10) Lack of initiative. Many bloggers expect that if they write blog posts, people will find them, read them, comment, and keep coming back. Having a “if you build it, they will come” mentality does not work. If you want people to visit your blog, you have to take the initiative. Do things like read and comment on other blogs, guest blog on other blogs, ask other bloggers to guest blog on your blog, initiate group blog projects where you and other bloggers all tackle the same book or topic.

If you blog, which of these issues do you struggle with most?  Do you have any other suggestions for how to address these issues?

If you haven’t already done so, please complete the State of the Blogging Universe Survey

2) What Are Your Top 3 Favorite Blogs? <– State of the Blogging Universe Series -> 4) Is Blogging Still Worth It?

About the author

Paul Steinbrueck

Paul Steinbrueck is co-founder and CEO of OurChurch.Com, husband, father of 3, blogger. You can follow him on Twitter at @PaulSteinbrueck and add him to your circles at Google+ as +Paul Steinbrueck.

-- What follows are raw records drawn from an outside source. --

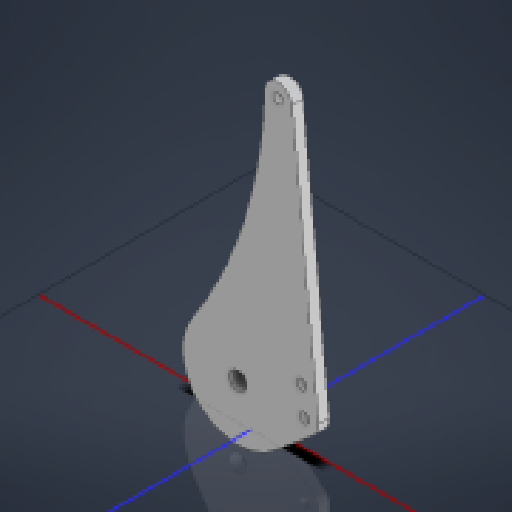
# Autodesk Inventor part: intakeSide
Saved by Autodesk Inventor 2025.2 (Build 292293000, 293)
## iProperties
Created: 2025-12-05
Part Number: intakeSide
Material: Generic
Document SubType Name: Modeling
Designer: cloudy
Density: 1 g/cm^3
Appearance: Default
Author: cloudy
Autodesk Inventor part; units mm, degrees
ref_plane "YZ Plane" through (0, 0, 0) normal (1, 0, 0) x (0, 1, 0)
ref_plane "XZ Plane" through (0, 0, 0) normal (0, 1, 0) x (-1, 0, 0)
ref_plane "XY Plane" through (0, 0, 0) normal (0, 0, 1) x (1, 0, 0)
sketch "Sketch1" plane through (0, 0, 0) normal (0, 0, 1) x (1, 0, 0)
  circle A0 centre (1.835, -47.1215) radius 2.1844
  circle A1 centre (12.7, 69.85) radius 2.1844 projected
  arc A2 (19.0097, 70.5645) -> (6.3511, 69.7333) centre (12.7, 69.85) ccw
  arc A3 (-20.2372, -34.5525) -> (25.9922, -54.9693) centre (1.835, -47.1215) ccw
  line L0 (25.9922, -54.9693) -> (30.9301, -39.7696)
  line L1 (31.2005, -37.0931) -> (19.0097, 70.5645)
  arc A4 (-20.2372, -34.5525) -> (6.3511, 69.7333) centre (-196.8146, 65.9992) ccw
  arc A5 (30.9301, -39.7696) -> (31.2005, -37.0931) centre (24.8908, -37.8076) ccw
  line L2 (5.0608, -43.8957) -> (-1.3908, -43.8957)
  line L3 (-1.3908, -43.8957) -> (-1.3908, -50.3473)
  line L4 (-1.3908, -50.3473) -> (5.0608, -50.3473)
  line L5 (5.0608, -50.3473) -> (5.0608, -43.8957)
  line L6 (5.0608, -43.8957) -> (-1.3908, -50.3473) construction
  line L7 (-1.3908, -43.8957) -> (5.0608, -50.3473) construction
  circle A6 centre (1.835, -47.1215) radius 3.937
  circle A7 centre (24.8908, -37.8076) radius 2.1844
  circle A8 centre (23.4618, -25.1883) radius 2.1844
  line L8 (24.8908, -37.8076) -> (23.4618, -25.1883)
  line L9 (1.835, -47.1215) -> (12.7, 69.85)
  point P0 (0, 0)
  dimension "d0" = 12.7
  dimension "d2" = 50.8
  dimension "d3" = 203.2
  dimension "d4" = 6.35
  dimension "d7" = 6.4516
  dimension "d8" = 6.4516
  dimension "d10" = 7.874
  dimension "d11" = 4.3688
  dimension "d12" = 4.3688
  dimension "d14" = 12.7
  dimension "d15" = 117.475
  constraints: 20 end point, 8 centre point, 8 point on circle, 6 tangent, 4 coincident, 3 parallel, 2 midpoint, 1 horizontal, 1 perpendicular
  measures "d0" diameter of A2
  measures "d2" diameter of A3
  measures "d3" radius of A4
  measures "d4" radius of A5
  measures "d7" distance of L4.end L3.end
  measures "d8" distance of L3.end L2.end
  measures "d10" diameter of A6
  measures "d11" diameter of A7
  measures "d12" diameter of A8
  measures "d14" distance of L8.start L8.end
  measures "d15" distance of L9.start L9.end
extrude "Extrusion1" add sketch "Sketch1" along normal blind 5.08 contours L2 L5 A6 | A6 L3 L2 | L5 L4 A6 | A6 L4 L3 | L1 A5 L0 A3 A4 A2
body "Solid1"
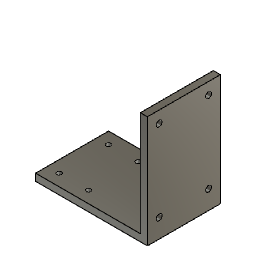
Camera Mount v1 (Autodesk Fusion 360 design; units mm, degrees)
Autodesk Fusion 360 part; units mm, degrees
sketch "Sketch1" plane through (0, 0, 0) normal (0, 0, 1) x (1, 0, 0)
  line L0 (-50, 25) -> (-2.5, 25)
  line L1 (-2.5, 25) -> (-2.5, -6)
  line L2 (-2.5, -6) -> (-50, -6)
  line L3 (-50, -6) -> (-50, 25)
  circle A0 centre (-45, 20) radius 1
  circle A1 centre (-32.5, 20) radius 1
  circle A2 centre (-45, -1) radius 1
  circle A3 centre (-32.5, -1) radius 1
  dimension "d1" = 2
  dimension "d2" = 2
  dimension "d3" = 2
  dimension "d4" = 2
  dimension "d5" = 12.5
  dimension "d6" = 5
  dimension "d7" = 5
  dimension "d8" = 12.5
  dimension "d9" = 21
  dimension "d10" = 21
  dimension "d11" = 5
  dimension "d12" = 5
  dimension "d13" = 5
  dimension "d14" = 5
  dimension "d15" = 30
  dimension "d16" = 47.5
  dimension "d17" = 31
  constraint horizontal L0
  constraint vertical L1
  constraint horizontal L2
  constraint vertical L3
  measures "d1" diameter of A0
  measures "d2" diameter of A1
  measures "d3" diameter of A2
  measures "d4" diameter of A3
  measures "d5" distance of A0.centre A1.centre
  measures "d6" distance of L0 A0.centre
  measures "d7" distance of L3 A0.centre
  measures "d8" distance of A2.centre A3.centre
  measures "d9" distance of A0.centre A2.centre
  measures "d10" distance of A1.centre A3.centre
  measures "d11" distance of L3 A2.centre
  measures "d12" distance of L2 A2.centre
  measures "d13" distance of L0 A1.centre
  measures "d14" distance of L2 A3.centre
  measures "d15" distance of L1 A1.centre
  measures "d16" distance of L0.start L0.end
  measures "d17" distance of L0.start L2.end
extrude "Extrude1" add sketch "Sketch1" along normal blind 3
sketch "Sketch2" plane through (0, 0, 3) normal (0, 0, 1) x (-1, 0, 0)
  circle A0 centre (45, 1) radius 1
  circle A1 centre (32.5, 1) radius 1
  circle A2 centre (32.5, -20) radius 1
  circle A3 centre (45, -20) radius 1
  line L0 (50, 6) -> (2.5, 6)
  line L1 (2.5, 6) -> (2.5, -25)
  line L2 (2.5, -25) -> (50, -25)
  line L3 (50, -25) -> (50, 6)
  line L4 (2.5, -25) -> (5.5, -25)
  line L5 (5.5, -25) -> (5.5, 6)
  line L6 (5.5, 6) -> (2.5, 6)
  line L7 (2.5, 6) -> (2.5, -25)
  dimension "d20" = 3
  dimension "d21" = 31
  constraint horizontal L4
  constraint vertical L5
  constraint horizontal L6
  constraint vertical L7
  constraint coincident L0 L5.end
  constraint coincident L1.end L2.start
  measures "d20" distance of L5 L7
  measures "d21" distance of L0.end L1.end
extrude "Extrude2" add sketch "Sketch2" along normal blind 44.5 contours L0 L1 L2 L4 L5 L6 L7
sketch "Sketch3" plane through (-5.5, 0, 0) normal (-1, 0, 0) x (0, -1, 0)
  line L0 (-25, 3) -> (6, 3)
  line L1 (6, 3) -> (6, 47.5)
  line L2 (6, 47.5) -> (-25, 47.5)
  line L3 (-25, 47.5) -> (-25, 3)
  circle A0 centre (-20, 42.5) radius 1.25
  circle A1 centre (1, 42.5) radius 1.25
  circle A2 centre (-20, 8) radius 1.25
  circle A3 centre (1, 8) radius 1.25
  dimension "d24" = 2.5
  dimension "d25" = 2.5
  dimension "d26" = 2.5
  dimension "d27" = 2.5
  dimension "d28" = 5
  dimension "d29" = 5
  dimension "d30" = 5
  dimension "d31" = 5
  dimension "d32" = 5
  dimension "d33" = 5
  dimension "d34" = 5
  dimension "d35" = 5
  measures "d24" diameter of A0
  measures "d25" diameter of A1
  measures "d26" diameter of A2
  measures "d27" diameter of A3
  measures "d28" distance of L1 A1.centre
  measures "d29" distance of L2 A1.centre
  measures "d30" distance of L2 A0.centre
  measures "d31" distance of L3 A0.centre
  measures "d32" distance of L3 A2.centre
  measures "d33" distance of L0 A2.centre
  measures "d34" distance of L0 A3.centre
  measures "d35" distance of L1 A3.centre
extrude "Extrude3" cut sketch "Sketch3" against normal blind 3 contours A0 | A1 | A2 | A3

  • Every word will strike fear into the hearts of bloggers! I think some of those who, like me, have a niche blog and, because of personal circumstances, can't devote much time to reading/commenting on others' blogs, (I'm a nun), are simply amazed and grateful when readers do engage and come back for more. That said, I do get slightly irritated when it's obvious that someone has 'commented' purely in order to put a link to their own blog. We should make sure that we contribute to the debate.

    • That bugs me too. If it's obvious, I just delete the comment, but there's such a gray area that it makes for some tough judgement calls.

  • I have a blog as part of my web site. It's not the main feature on the site. Since I want it to have quality content, I take time writing what I post. I also have a full project load so time to write is often unavailable. This is also true with commenting on other blogs. My goal is to post weekly. I've decided not to pressure myself about it, since the blog is not the avenue to new clients. If I posted more, it probably would be.

    Since I have more hair than Seth Godin (referencing your point #7), I am starting to ask questions.

    • Alvalyn, if you can consistently write 1 quality post a week, that's pretty good. Hair and asking questions are good too. 🙂

  • Very good information that I believe will turn anyone who is serious about being a successful blogger into just that… a succesful blogger!


  • One of the most important challenges before a blogger is figuring out how to enrich and add value to the audience and in so doing to stand out from the pack in a meaningful way.